PROBLEM: Reproduce the entries shown below only from the line with "#67=CIRCLE('',#66,5.);" down to the line with "#82=FACE_BOUND('',#81,.T.);", keeping both end lines and copying each one exactly.
====
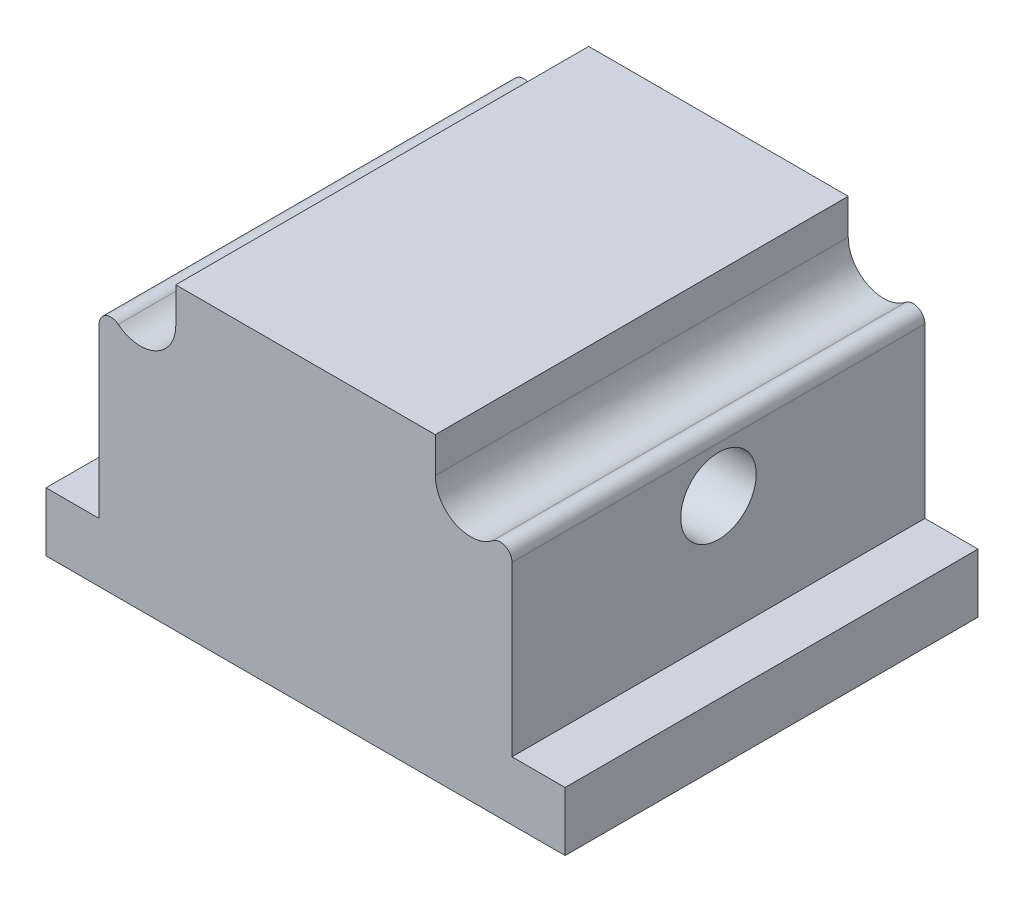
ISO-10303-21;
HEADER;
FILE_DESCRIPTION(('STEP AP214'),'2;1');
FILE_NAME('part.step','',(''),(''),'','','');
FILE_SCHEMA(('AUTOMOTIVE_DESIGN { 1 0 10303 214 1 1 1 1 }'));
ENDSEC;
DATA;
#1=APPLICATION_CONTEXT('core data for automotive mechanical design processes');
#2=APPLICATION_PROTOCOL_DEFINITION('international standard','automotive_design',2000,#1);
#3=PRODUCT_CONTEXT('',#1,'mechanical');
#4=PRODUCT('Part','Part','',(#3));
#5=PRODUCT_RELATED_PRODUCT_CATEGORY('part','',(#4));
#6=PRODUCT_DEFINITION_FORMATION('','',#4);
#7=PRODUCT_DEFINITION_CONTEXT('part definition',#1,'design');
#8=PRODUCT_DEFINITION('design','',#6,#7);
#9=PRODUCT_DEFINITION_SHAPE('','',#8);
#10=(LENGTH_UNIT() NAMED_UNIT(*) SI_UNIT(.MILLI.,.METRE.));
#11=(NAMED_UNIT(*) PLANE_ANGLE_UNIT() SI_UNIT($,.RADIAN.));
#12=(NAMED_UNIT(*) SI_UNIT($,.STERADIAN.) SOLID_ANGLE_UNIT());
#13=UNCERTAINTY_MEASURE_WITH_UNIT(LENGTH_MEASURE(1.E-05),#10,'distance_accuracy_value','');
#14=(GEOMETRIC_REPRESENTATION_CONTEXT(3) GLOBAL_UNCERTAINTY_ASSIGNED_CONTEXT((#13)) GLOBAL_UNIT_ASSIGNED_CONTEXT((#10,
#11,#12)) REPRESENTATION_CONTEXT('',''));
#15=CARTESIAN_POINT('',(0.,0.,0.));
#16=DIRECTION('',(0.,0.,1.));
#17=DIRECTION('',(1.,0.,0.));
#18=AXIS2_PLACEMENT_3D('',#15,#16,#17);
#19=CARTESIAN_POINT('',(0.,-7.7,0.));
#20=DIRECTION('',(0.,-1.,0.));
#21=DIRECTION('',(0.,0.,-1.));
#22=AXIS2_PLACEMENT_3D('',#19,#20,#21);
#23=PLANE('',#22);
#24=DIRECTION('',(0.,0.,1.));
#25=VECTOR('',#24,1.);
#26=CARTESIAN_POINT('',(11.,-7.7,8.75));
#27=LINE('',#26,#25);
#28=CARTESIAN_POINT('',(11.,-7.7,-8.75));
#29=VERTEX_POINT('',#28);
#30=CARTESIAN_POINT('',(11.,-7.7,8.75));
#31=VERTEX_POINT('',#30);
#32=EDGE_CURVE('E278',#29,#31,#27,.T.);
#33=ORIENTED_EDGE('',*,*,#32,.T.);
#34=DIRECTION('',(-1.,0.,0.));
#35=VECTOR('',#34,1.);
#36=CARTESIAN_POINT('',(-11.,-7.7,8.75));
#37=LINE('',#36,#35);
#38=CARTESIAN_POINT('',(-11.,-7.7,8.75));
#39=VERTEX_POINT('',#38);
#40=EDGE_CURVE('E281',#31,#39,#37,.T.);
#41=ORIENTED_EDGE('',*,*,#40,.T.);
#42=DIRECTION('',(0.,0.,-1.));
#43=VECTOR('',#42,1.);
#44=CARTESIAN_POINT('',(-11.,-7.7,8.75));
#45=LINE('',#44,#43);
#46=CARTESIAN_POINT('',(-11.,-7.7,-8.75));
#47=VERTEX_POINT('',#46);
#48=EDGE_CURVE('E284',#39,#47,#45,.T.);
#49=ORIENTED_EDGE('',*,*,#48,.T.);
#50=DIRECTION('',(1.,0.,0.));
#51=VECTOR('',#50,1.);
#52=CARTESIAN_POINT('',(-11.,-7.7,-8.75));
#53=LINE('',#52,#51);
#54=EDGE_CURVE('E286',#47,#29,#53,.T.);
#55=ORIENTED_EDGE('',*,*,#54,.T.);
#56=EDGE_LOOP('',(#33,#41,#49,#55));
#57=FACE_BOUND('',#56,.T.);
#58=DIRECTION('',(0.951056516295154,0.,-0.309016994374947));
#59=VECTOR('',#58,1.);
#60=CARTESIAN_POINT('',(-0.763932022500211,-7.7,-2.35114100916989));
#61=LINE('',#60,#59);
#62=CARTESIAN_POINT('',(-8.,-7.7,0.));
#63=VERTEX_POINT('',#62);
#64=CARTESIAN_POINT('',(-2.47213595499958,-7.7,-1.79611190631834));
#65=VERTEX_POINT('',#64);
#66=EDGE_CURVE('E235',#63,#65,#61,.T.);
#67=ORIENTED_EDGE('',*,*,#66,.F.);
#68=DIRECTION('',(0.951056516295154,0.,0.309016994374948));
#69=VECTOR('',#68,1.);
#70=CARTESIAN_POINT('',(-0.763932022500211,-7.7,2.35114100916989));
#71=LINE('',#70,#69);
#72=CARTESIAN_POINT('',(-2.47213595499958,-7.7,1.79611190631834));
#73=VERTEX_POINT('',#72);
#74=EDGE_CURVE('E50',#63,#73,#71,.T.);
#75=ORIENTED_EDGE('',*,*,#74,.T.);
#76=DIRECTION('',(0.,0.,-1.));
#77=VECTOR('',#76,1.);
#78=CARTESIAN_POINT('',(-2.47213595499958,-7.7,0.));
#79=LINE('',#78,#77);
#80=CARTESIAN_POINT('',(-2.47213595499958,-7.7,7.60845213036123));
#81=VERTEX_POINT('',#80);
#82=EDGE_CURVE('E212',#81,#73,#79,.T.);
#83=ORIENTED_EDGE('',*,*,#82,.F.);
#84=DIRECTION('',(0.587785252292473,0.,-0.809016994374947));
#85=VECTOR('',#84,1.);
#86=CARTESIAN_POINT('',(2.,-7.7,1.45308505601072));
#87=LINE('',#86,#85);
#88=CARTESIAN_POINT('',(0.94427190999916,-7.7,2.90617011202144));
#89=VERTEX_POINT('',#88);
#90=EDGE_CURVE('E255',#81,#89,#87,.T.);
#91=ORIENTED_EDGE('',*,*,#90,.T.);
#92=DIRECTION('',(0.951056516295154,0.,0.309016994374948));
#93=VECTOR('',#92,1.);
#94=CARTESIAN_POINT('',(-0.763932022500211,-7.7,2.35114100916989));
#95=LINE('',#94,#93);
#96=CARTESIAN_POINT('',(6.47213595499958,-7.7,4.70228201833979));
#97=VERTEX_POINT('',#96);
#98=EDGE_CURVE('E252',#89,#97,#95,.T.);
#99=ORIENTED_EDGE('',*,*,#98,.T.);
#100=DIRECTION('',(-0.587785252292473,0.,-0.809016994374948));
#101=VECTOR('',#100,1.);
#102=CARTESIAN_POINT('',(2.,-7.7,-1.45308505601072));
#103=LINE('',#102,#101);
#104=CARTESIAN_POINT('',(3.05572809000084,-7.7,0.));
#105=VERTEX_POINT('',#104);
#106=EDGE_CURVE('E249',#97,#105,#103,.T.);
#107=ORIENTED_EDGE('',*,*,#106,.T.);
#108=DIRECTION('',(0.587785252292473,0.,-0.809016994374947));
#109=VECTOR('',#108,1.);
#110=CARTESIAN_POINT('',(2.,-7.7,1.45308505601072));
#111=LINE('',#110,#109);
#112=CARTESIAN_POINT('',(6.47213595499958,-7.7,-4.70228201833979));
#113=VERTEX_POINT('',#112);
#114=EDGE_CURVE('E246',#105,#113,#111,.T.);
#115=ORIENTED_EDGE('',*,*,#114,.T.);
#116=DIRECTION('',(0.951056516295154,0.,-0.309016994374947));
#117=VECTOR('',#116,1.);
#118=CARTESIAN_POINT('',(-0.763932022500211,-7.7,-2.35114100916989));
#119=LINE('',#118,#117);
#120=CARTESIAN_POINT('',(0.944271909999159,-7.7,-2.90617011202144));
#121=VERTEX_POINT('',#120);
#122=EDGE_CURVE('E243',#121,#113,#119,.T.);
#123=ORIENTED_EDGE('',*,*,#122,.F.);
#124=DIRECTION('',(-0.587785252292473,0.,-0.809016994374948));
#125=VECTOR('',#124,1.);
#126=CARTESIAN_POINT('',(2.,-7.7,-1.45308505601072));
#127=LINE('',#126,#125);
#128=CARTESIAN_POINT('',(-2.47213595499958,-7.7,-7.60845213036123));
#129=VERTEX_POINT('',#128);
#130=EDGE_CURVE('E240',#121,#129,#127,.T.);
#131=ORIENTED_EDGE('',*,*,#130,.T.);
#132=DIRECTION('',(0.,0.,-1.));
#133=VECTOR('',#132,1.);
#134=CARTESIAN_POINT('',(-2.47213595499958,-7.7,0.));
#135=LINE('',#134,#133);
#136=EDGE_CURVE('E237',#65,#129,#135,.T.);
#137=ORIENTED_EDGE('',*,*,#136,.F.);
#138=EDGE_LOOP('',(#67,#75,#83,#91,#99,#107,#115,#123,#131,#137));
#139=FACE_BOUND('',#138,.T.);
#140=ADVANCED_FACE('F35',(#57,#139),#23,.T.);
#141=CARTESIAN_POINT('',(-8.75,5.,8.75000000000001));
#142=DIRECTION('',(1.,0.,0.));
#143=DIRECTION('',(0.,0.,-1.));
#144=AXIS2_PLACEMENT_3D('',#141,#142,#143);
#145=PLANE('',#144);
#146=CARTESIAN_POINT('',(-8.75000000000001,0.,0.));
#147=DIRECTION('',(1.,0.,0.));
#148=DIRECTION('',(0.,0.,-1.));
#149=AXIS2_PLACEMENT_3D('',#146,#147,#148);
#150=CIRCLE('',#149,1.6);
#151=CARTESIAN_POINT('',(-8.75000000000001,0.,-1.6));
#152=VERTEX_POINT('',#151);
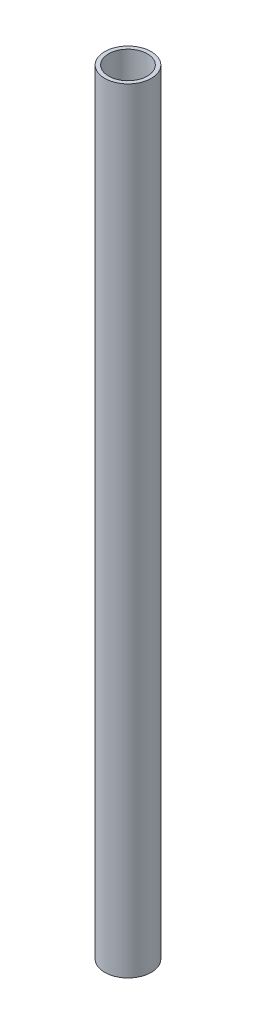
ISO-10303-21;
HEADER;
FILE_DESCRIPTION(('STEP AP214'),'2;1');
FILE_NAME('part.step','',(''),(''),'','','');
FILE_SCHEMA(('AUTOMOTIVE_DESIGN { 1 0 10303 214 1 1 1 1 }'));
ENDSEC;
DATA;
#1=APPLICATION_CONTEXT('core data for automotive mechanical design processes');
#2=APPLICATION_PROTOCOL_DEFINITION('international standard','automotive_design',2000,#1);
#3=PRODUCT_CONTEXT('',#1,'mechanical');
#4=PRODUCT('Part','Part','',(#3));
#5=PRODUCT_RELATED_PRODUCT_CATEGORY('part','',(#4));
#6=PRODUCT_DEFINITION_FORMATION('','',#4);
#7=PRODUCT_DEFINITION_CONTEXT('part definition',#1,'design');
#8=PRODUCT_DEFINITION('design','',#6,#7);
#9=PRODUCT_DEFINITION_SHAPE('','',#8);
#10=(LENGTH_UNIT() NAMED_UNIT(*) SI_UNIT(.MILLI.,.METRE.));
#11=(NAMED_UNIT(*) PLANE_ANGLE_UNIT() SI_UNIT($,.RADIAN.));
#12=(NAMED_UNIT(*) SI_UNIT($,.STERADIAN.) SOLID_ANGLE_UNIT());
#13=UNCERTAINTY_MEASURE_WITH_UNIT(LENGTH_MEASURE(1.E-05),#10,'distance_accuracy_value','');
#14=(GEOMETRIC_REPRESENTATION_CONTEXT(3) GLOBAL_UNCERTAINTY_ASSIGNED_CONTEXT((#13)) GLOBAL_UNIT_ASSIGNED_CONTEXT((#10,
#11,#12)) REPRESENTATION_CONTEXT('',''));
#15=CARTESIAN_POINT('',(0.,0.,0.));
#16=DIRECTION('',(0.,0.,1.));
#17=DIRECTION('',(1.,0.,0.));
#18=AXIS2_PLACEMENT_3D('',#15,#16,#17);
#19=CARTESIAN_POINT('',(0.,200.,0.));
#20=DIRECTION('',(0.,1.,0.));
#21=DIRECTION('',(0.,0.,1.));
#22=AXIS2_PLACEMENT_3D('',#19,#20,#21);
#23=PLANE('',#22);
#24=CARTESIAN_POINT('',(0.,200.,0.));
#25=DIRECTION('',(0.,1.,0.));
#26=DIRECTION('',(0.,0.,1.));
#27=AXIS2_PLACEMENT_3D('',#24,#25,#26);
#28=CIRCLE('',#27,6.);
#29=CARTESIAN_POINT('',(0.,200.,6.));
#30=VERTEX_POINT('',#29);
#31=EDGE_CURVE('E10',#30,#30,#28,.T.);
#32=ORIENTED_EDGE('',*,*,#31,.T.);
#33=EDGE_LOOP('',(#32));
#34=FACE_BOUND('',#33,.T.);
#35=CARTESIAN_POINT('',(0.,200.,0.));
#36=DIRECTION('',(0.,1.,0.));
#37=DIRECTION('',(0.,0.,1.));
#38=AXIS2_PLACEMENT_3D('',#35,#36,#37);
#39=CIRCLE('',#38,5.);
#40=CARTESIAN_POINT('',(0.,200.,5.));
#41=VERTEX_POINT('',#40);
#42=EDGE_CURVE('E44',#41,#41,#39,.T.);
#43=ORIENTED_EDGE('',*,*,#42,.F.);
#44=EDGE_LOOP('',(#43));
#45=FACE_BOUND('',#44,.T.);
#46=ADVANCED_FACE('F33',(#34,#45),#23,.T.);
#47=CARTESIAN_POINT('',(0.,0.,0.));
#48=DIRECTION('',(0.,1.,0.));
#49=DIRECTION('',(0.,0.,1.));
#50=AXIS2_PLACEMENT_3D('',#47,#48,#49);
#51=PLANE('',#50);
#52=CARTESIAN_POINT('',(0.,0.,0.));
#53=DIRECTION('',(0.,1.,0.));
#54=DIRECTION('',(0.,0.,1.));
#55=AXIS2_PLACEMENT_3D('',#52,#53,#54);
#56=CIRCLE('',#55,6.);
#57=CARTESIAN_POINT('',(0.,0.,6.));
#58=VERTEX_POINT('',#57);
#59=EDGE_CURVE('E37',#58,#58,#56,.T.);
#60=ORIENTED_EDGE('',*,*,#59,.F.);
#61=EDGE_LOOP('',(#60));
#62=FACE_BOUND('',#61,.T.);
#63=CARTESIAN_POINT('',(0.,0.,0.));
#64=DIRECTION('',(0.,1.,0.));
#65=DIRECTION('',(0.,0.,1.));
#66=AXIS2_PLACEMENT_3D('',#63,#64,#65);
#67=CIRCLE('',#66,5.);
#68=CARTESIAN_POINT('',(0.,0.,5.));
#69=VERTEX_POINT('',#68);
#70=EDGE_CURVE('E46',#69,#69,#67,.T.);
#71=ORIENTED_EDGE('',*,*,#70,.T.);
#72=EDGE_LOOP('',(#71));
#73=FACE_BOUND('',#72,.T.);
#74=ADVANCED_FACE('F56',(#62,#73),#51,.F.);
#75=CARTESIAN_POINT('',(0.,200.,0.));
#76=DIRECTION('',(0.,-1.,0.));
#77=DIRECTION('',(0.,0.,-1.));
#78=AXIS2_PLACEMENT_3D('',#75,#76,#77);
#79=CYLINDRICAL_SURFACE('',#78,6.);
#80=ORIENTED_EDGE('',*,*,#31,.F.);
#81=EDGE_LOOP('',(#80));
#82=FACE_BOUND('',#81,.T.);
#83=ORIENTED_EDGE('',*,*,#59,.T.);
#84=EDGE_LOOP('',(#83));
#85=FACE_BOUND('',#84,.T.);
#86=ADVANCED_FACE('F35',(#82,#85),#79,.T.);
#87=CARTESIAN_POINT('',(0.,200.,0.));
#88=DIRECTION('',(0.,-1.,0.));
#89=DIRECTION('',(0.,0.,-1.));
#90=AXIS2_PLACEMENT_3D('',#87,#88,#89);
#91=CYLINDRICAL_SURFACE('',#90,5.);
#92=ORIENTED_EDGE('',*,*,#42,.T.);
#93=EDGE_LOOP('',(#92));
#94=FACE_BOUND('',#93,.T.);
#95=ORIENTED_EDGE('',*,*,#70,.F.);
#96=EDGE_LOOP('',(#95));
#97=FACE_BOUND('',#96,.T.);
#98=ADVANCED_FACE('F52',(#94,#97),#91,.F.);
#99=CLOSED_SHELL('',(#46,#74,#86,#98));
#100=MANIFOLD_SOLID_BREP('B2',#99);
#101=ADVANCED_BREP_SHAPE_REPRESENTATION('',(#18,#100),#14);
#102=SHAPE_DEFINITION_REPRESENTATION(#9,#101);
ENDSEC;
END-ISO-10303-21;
====
RESPONSE:
#67=CIRCLE('',#66,5.);
#68=CARTESIAN_POINT('',(0.,0.,5.));
#69=VERTEX_POINT('',#68);
#70=EDGE_CURVE('E46',#69,#69,#67,.T.);
#71=ORIENTED_EDGE('',*,*,#70,.T.);
#72=EDGE_LOOP('',(#71));
#73=FACE_BOUND('',#72,.T.);
#74=ADVANCED_FACE('F56',(#62,#73),#51,.F.);
#75=CARTESIAN_POINT('',(0.,200.,0.));
#76=DIRECTION('',(0.,-1.,0.));
#77=DIRECTION('',(0.,0.,-1.));
#78=AXIS2_PLACEMENT_3D('',#75,#76,#77);
#79=CYLINDRICAL_SURFACE('',#78,6.);
#80=ORIENTED_EDGE('',*,*,#31,.F.);
#81=EDGE_LOOP('',(#80));
#82=FACE_BOUND('',#81,.T.);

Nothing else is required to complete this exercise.